Entries taken from a collection –
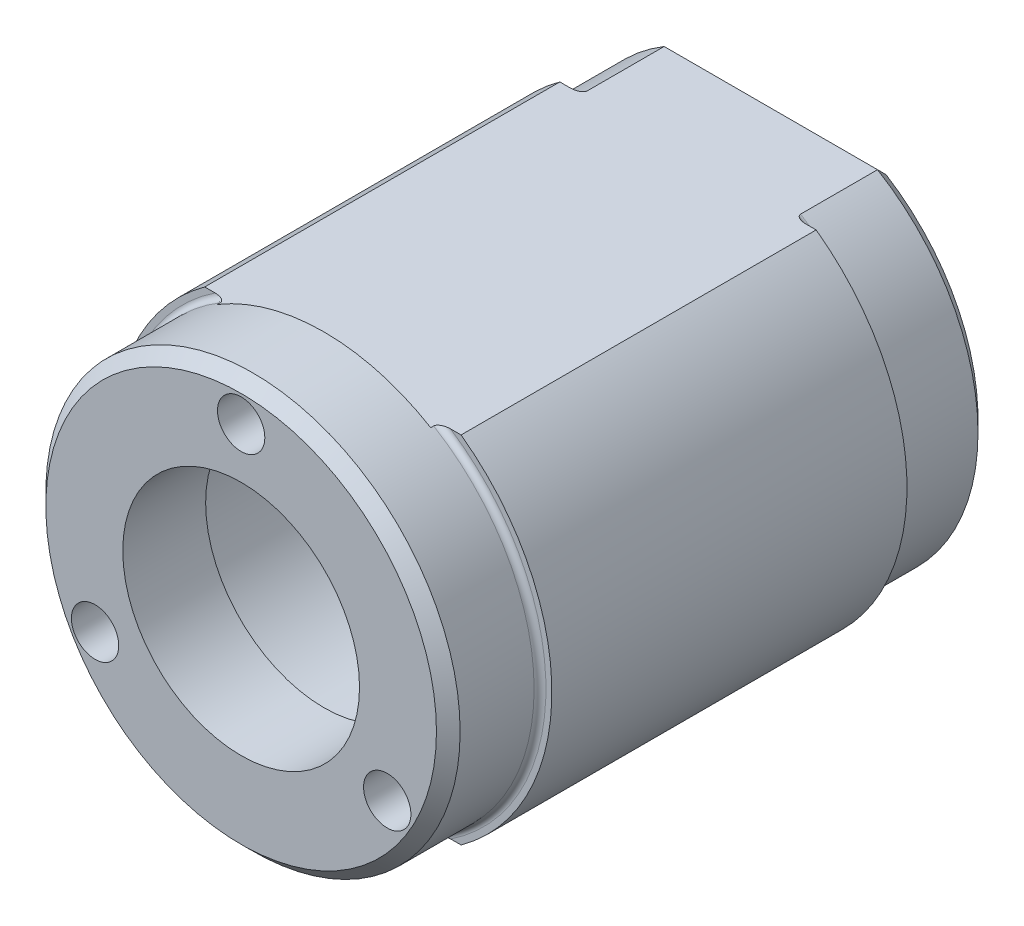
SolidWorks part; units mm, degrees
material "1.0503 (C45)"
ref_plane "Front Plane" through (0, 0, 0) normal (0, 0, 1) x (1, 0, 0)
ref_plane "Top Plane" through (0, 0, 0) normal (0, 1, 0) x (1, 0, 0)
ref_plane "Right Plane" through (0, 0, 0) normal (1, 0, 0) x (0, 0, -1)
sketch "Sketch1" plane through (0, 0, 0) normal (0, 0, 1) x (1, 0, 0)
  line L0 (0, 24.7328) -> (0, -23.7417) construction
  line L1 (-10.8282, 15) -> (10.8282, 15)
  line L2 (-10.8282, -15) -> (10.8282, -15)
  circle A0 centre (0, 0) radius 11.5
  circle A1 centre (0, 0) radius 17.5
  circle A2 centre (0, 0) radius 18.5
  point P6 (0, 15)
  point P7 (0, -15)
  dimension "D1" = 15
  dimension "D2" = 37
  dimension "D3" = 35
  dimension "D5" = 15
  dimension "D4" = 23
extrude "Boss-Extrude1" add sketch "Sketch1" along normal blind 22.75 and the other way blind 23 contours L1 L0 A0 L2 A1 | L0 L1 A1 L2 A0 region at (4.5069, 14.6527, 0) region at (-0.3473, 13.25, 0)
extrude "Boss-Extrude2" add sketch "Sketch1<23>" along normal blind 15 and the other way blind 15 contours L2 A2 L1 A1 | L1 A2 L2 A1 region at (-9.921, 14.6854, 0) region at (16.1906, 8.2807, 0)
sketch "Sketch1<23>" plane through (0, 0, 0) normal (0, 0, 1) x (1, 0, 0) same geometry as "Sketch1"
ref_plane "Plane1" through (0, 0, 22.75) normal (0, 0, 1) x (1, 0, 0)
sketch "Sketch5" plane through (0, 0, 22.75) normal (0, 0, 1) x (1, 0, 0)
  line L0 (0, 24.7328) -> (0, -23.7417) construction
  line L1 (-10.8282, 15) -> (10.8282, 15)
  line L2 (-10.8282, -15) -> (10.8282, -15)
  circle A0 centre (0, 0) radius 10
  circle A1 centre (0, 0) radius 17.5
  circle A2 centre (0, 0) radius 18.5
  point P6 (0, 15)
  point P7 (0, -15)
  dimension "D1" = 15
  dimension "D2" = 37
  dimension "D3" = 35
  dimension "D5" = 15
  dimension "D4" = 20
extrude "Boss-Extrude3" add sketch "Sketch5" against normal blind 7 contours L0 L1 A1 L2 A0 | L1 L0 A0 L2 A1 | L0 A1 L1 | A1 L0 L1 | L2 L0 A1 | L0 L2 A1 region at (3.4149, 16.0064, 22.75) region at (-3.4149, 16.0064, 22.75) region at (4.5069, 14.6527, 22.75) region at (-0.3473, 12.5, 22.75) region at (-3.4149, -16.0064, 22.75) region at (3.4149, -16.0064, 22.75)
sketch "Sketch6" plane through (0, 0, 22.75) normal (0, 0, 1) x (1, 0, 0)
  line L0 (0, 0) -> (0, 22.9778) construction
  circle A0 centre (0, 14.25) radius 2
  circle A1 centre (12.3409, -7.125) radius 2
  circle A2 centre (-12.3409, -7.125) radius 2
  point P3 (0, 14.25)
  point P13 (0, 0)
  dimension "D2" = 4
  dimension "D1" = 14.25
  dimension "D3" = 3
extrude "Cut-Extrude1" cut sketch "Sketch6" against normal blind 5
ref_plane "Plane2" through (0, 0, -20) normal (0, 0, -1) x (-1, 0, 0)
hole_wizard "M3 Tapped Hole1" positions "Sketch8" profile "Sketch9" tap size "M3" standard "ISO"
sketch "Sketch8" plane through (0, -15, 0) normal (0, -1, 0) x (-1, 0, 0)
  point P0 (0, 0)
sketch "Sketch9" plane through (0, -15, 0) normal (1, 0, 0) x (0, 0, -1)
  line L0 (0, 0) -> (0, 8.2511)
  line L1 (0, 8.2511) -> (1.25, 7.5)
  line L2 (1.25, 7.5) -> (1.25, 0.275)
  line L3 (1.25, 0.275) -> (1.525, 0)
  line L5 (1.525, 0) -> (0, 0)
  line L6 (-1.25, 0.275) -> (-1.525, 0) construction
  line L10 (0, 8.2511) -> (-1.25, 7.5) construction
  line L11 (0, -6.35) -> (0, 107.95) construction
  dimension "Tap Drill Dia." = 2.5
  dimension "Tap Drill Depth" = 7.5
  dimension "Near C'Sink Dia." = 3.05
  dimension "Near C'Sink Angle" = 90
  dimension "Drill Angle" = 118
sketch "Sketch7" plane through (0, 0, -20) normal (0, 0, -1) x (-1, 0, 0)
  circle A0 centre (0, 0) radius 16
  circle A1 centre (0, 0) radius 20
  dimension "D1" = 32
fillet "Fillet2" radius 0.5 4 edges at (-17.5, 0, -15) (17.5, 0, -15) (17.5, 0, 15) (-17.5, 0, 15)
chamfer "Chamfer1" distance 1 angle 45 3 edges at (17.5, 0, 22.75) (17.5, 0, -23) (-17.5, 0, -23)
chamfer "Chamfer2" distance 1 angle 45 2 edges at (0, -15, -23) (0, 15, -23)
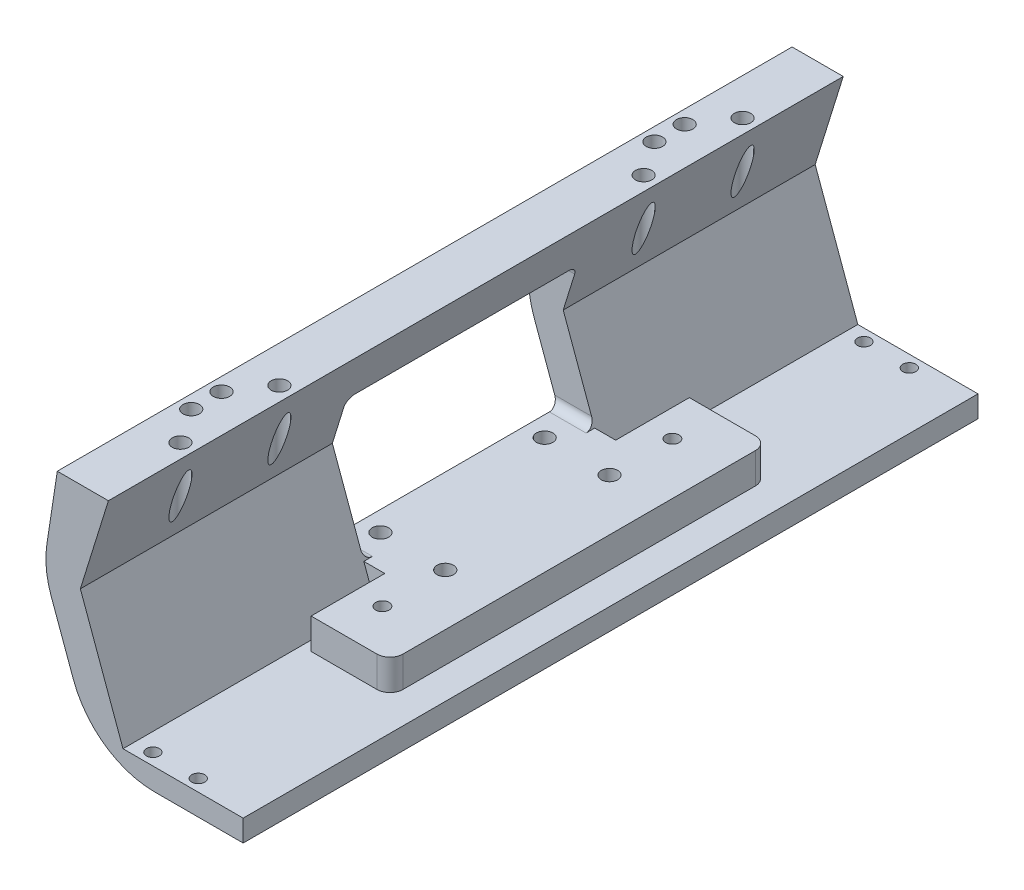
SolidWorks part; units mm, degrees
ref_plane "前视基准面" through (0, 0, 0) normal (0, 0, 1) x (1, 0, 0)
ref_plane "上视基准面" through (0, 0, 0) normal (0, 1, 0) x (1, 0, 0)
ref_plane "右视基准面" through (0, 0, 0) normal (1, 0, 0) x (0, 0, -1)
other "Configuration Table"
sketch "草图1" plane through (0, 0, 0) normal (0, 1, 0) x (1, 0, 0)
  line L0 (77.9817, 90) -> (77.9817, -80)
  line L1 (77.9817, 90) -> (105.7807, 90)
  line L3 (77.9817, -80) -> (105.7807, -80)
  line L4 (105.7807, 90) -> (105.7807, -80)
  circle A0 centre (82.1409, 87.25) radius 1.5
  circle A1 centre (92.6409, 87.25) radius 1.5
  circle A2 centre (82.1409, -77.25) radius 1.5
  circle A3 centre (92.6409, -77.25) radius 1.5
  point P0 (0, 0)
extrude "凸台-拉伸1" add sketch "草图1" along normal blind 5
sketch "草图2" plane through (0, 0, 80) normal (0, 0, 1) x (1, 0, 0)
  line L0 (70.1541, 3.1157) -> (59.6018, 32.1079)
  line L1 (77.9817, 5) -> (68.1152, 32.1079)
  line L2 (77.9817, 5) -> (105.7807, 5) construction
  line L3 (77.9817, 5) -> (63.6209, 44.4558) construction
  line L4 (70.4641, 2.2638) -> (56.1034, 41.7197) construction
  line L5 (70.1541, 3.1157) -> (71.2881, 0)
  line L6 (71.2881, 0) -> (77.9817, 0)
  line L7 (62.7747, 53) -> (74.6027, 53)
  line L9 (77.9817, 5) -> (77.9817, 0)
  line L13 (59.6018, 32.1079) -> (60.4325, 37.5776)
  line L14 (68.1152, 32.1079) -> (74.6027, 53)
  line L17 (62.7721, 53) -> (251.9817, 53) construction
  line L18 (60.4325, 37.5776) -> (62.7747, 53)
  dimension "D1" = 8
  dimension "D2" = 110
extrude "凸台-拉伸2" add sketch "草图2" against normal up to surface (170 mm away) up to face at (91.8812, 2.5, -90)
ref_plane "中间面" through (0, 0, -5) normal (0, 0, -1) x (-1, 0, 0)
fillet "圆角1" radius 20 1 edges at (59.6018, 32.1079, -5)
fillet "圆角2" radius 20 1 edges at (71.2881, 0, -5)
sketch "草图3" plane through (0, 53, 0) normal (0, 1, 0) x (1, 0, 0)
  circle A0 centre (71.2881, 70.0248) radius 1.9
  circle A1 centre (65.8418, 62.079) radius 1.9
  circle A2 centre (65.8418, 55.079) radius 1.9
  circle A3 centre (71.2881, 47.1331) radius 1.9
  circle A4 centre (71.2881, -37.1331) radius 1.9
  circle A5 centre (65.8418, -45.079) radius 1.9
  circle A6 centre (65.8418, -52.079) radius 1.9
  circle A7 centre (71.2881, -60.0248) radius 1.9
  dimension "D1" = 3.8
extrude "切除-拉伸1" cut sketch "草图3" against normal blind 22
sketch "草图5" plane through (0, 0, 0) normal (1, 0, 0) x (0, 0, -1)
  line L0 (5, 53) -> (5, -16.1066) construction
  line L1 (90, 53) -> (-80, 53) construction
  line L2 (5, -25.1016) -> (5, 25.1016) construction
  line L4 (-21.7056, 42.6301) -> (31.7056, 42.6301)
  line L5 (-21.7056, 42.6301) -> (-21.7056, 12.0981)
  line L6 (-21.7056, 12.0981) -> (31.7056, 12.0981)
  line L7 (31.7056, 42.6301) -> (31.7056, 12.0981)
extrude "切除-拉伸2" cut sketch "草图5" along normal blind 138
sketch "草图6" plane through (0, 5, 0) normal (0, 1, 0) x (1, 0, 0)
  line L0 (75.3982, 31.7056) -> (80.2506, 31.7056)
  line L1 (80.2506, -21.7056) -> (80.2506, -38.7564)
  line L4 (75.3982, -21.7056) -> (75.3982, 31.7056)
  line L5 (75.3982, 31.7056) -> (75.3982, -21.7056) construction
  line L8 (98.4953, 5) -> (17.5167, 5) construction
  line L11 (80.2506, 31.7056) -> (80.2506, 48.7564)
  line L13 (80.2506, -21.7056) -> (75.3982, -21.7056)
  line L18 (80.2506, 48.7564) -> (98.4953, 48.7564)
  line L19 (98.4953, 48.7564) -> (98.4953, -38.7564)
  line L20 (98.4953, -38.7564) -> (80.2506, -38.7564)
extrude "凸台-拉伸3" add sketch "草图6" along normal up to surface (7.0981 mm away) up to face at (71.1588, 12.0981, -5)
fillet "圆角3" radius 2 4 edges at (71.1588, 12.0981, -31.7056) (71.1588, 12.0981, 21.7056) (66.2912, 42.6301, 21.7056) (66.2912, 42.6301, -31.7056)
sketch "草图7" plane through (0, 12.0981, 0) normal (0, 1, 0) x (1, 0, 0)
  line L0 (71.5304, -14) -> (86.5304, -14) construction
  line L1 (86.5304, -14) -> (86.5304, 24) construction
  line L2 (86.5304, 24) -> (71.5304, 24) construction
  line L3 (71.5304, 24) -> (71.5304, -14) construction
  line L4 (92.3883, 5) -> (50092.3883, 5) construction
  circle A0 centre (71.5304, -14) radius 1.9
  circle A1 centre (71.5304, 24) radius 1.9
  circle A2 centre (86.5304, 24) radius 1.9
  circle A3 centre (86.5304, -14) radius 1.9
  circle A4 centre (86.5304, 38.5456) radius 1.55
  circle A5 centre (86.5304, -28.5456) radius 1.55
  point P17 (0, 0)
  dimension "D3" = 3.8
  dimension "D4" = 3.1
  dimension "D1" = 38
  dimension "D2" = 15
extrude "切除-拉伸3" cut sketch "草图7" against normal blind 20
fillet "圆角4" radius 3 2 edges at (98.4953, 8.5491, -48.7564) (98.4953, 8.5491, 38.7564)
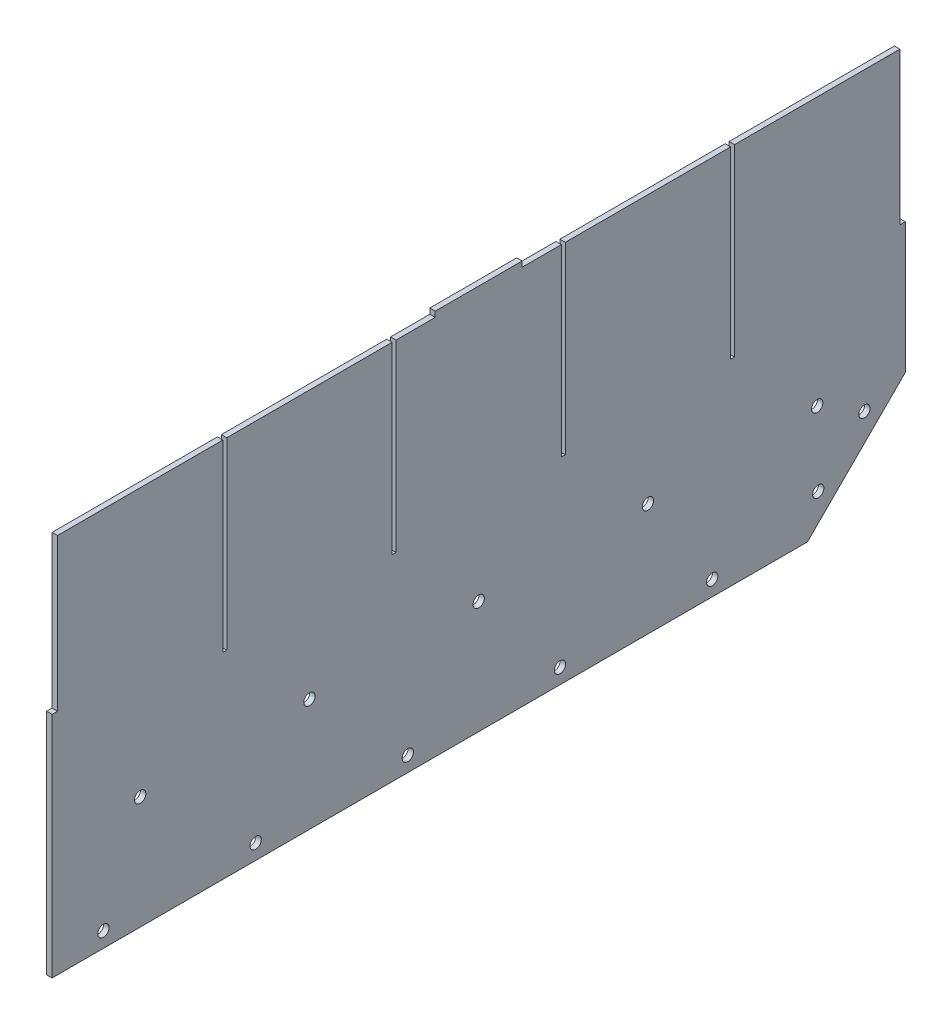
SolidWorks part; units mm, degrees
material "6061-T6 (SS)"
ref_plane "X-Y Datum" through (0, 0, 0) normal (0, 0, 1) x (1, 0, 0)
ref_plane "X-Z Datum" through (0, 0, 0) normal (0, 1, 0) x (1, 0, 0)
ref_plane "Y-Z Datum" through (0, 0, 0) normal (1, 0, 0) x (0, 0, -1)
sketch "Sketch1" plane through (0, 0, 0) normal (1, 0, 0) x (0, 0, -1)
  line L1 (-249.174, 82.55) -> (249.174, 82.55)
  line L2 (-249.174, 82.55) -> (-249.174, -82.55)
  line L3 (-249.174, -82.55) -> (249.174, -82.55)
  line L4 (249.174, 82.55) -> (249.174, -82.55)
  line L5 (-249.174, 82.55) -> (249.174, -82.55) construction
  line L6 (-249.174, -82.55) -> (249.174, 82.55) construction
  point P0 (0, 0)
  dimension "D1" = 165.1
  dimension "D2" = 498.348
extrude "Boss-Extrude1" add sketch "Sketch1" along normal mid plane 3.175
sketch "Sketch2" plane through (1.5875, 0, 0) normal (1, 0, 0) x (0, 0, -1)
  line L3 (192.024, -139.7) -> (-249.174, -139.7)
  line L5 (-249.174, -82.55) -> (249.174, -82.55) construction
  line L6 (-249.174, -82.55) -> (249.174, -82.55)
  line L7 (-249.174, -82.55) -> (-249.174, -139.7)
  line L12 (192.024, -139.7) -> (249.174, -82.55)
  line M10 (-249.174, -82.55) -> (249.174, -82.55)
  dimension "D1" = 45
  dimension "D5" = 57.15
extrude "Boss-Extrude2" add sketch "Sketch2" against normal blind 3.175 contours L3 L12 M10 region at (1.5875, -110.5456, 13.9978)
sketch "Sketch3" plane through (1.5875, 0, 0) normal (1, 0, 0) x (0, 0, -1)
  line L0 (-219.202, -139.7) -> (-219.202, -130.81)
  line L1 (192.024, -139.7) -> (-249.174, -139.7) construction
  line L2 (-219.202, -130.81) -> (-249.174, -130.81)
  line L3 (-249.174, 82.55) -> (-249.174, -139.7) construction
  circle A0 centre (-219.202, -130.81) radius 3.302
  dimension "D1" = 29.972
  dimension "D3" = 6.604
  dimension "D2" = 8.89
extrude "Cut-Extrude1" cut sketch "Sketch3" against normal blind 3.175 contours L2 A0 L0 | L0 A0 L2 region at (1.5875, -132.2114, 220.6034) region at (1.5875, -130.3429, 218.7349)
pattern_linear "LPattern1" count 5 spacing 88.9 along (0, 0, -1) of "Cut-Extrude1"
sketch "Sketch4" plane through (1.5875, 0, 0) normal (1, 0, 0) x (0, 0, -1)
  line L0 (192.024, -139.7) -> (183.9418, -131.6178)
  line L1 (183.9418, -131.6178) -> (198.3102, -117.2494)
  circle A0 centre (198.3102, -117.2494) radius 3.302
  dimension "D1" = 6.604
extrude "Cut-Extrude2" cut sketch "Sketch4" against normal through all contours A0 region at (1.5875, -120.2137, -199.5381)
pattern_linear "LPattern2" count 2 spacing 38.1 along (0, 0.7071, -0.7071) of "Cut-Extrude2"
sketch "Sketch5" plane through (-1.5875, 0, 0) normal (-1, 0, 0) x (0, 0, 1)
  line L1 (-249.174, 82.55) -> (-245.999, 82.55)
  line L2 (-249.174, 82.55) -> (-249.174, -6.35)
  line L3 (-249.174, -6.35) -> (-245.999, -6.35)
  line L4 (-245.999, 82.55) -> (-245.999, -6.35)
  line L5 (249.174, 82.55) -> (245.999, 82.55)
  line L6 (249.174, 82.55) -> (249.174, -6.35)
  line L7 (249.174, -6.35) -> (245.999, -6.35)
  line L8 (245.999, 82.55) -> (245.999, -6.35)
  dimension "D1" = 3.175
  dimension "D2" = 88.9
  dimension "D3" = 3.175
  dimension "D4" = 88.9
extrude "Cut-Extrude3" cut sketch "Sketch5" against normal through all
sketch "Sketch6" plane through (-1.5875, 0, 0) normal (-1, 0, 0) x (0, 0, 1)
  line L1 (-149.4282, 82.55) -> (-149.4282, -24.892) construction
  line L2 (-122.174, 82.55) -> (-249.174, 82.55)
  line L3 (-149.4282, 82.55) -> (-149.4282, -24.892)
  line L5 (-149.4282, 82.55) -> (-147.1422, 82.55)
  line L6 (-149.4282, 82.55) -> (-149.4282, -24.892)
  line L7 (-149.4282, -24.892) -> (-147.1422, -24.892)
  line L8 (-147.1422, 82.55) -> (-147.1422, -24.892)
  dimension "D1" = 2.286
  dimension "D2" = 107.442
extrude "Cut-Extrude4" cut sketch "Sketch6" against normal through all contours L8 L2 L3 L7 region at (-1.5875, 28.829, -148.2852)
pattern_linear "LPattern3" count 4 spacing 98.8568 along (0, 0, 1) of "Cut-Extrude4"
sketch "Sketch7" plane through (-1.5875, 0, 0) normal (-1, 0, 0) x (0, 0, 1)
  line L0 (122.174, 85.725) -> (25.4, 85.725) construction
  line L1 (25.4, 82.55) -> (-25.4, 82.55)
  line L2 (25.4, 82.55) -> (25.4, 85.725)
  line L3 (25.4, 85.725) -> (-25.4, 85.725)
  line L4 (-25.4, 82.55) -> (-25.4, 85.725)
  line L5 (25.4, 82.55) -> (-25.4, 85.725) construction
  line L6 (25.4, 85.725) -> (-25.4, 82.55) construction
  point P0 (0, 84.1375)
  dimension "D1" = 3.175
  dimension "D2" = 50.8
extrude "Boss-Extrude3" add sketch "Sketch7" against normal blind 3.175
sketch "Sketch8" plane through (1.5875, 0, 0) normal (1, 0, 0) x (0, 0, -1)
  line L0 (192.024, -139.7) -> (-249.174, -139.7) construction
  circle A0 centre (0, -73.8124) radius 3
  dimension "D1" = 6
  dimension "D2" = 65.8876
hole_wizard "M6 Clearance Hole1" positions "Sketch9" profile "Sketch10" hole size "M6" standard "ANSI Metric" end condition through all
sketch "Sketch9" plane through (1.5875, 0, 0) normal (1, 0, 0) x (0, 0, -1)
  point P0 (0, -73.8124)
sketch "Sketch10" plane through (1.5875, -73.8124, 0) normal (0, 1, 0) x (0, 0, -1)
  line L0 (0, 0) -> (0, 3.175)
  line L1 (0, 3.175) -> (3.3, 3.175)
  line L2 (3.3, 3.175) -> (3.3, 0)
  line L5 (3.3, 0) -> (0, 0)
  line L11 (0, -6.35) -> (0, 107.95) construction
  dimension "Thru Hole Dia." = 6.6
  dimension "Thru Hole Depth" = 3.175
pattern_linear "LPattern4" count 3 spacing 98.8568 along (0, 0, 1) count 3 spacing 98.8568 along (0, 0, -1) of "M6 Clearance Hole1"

What you need to do –
State how many lines above contain the string "positions", with no other words.

Response to this task –
2